■ Task brief
All that is wanted is an exact copy of the lines below, starting at the one that contains "#138=LINE('',#137,#136);" and running to the end.

■ Listed entries
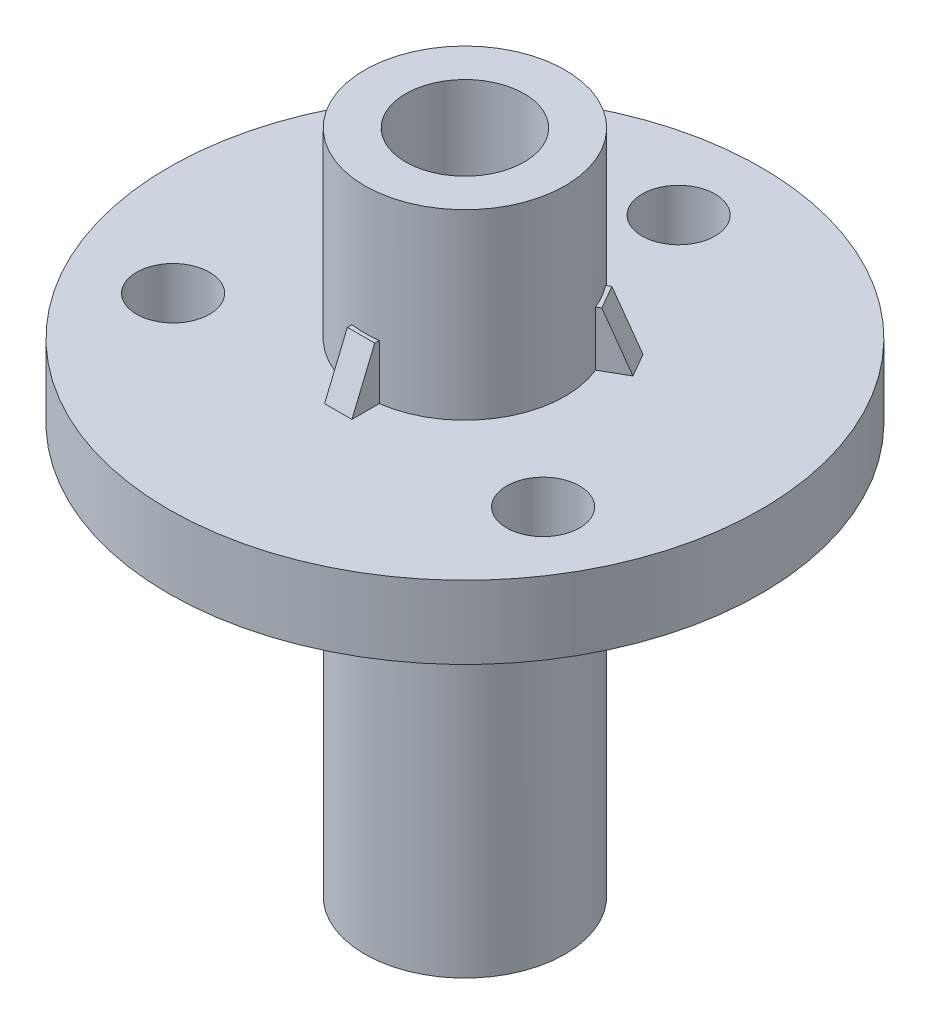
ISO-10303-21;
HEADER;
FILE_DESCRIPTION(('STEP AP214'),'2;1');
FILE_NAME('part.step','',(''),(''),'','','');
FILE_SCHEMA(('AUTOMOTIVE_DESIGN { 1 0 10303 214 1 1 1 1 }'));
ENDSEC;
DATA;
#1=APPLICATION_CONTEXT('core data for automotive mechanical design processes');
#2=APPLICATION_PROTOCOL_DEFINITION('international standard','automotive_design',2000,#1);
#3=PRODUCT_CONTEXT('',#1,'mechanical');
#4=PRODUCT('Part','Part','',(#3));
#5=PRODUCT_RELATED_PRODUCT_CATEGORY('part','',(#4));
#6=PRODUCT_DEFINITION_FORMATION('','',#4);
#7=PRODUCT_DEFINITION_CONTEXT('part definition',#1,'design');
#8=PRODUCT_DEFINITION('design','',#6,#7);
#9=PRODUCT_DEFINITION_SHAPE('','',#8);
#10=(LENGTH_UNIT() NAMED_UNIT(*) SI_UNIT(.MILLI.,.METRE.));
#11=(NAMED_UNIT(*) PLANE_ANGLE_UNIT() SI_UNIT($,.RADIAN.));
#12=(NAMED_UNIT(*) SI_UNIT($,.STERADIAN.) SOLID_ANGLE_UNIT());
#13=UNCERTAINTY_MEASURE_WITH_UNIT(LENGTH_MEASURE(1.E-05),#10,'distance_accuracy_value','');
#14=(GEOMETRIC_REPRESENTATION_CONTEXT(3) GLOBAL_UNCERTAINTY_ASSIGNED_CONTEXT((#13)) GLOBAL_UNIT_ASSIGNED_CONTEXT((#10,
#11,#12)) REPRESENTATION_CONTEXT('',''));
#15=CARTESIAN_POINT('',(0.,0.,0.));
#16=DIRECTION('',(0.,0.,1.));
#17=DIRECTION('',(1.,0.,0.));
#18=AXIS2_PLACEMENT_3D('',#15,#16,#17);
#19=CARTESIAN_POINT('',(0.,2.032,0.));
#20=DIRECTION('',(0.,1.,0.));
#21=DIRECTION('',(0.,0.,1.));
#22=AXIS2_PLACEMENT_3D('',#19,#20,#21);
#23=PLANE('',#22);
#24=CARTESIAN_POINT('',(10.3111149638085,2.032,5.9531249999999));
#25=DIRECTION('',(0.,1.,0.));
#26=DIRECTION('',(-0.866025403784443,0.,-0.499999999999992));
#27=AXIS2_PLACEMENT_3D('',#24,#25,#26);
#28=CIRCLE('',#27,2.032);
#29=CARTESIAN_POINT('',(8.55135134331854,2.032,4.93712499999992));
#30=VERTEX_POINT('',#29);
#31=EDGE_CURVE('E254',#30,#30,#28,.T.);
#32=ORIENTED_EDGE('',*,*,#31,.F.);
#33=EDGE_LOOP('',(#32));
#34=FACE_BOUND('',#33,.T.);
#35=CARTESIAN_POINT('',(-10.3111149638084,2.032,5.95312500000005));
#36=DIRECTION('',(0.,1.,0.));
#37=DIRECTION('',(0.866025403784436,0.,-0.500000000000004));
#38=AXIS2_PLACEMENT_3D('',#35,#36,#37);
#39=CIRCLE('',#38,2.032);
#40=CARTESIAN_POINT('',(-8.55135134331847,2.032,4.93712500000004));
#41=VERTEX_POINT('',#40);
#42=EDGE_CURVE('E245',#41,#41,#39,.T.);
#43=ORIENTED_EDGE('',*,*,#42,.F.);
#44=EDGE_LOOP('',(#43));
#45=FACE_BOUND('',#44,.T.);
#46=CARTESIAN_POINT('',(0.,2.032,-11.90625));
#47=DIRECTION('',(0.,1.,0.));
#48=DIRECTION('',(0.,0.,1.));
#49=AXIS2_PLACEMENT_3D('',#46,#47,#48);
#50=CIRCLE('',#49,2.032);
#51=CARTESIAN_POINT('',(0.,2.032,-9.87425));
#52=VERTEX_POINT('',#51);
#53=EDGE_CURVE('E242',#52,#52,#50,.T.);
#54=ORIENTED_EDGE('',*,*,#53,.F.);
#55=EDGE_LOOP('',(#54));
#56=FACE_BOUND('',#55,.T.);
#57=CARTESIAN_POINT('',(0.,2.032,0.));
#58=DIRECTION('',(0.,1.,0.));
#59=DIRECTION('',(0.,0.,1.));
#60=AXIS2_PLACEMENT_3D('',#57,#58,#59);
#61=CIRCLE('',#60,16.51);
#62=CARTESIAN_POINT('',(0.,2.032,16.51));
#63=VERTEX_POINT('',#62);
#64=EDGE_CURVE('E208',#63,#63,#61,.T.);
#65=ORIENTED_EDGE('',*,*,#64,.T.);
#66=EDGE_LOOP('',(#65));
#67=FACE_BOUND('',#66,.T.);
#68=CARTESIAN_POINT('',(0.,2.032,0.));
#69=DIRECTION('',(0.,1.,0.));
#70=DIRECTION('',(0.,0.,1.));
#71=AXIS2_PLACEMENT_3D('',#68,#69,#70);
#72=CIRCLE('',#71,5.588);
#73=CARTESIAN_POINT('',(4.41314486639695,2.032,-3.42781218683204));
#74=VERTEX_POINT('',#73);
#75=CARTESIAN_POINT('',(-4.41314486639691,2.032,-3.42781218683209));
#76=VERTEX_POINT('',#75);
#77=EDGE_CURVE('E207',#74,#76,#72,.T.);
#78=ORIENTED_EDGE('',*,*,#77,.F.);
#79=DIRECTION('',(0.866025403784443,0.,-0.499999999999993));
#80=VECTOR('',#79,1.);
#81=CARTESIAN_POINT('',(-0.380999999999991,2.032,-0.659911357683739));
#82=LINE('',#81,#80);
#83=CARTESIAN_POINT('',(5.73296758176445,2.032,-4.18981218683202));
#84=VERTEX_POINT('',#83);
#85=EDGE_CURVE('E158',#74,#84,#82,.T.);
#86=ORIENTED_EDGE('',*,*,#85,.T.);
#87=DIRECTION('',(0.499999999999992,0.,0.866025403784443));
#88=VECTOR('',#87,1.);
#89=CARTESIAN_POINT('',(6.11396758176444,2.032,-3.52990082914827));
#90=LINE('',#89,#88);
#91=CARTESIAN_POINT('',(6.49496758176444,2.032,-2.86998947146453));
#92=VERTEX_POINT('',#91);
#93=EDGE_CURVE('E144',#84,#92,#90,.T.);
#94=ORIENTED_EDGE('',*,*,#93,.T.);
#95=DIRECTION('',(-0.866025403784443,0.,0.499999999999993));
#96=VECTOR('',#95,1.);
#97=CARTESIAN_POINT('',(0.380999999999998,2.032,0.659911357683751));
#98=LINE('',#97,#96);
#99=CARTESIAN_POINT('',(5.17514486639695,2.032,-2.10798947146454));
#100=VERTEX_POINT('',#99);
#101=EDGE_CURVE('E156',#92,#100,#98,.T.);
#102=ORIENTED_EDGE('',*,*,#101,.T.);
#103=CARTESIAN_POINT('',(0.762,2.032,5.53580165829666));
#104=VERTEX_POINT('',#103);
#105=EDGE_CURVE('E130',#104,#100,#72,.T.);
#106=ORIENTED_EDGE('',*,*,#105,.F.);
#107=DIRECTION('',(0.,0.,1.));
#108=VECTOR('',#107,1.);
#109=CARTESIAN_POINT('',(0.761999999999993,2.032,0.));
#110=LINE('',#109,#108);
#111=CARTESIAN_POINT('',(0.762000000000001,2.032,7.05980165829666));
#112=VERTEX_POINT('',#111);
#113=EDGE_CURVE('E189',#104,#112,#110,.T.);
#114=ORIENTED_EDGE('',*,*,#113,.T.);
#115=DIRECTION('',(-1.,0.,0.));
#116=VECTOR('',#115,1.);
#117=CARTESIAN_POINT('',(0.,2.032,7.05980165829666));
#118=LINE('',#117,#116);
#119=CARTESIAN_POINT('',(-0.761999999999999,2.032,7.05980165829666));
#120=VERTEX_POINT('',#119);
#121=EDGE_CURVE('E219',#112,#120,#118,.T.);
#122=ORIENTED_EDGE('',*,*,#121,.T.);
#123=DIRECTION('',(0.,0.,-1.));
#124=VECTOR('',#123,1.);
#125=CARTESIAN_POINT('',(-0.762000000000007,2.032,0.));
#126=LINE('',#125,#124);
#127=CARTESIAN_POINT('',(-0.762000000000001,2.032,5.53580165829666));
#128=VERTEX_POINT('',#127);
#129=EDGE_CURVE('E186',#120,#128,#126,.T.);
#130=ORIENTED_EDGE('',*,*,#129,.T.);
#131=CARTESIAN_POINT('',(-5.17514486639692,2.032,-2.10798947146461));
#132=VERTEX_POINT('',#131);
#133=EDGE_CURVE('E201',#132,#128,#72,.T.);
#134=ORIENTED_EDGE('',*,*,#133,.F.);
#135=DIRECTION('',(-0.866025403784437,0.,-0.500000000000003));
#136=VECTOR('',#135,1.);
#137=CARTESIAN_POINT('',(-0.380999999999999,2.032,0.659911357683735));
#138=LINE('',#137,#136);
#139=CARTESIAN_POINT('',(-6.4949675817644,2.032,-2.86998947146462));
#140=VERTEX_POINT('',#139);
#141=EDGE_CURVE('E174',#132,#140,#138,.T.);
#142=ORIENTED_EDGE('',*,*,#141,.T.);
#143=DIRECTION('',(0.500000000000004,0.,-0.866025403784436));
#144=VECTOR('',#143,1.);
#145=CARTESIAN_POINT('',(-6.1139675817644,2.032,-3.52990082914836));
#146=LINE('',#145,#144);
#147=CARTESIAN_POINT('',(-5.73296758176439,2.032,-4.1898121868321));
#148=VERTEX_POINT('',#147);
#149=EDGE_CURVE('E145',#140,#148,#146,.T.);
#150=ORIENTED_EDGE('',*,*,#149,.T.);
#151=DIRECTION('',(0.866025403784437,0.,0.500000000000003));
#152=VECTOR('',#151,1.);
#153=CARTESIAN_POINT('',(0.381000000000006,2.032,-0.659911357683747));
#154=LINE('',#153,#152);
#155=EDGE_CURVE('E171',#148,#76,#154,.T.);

■ Task result
#138=LINE('',#137,#136);
#139=CARTESIAN_POINT('',(-6.4949675817644,2.032,-2.86998947146462));
#140=VERTEX_POINT('',#139);
#141=EDGE_CURVE('E174',#132,#140,#138,.T.);
#142=ORIENTED_EDGE('',*,*,#141,.T.);
#143=DIRECTION('',(0.500000000000004,0.,-0.866025403784436));
#144=VECTOR('',#143,1.);
#145=CARTESIAN_POINT('',(-6.1139675817644,2.032,-3.52990082914836));
#146=LINE('',#145,#144);
#147=CARTESIAN_POINT('',(-5.73296758176439,2.032,-4.1898121868321));
#148=VERTEX_POINT('',#147);
#149=EDGE_CURVE('E145',#140,#148,#146,.T.);
#150=ORIENTED_EDGE('',*,*,#149,.T.);
#151=DIRECTION('',(0.866025403784437,0.,0.500000000000003));
#152=VECTOR('',#151,1.);
#153=CARTESIAN_POINT('',(0.381000000000006,2.032,-0.659911357683747));
#154=LINE('',#153,#152);
#155=EDGE_CURVE('E171',#148,#76,#154,.T.);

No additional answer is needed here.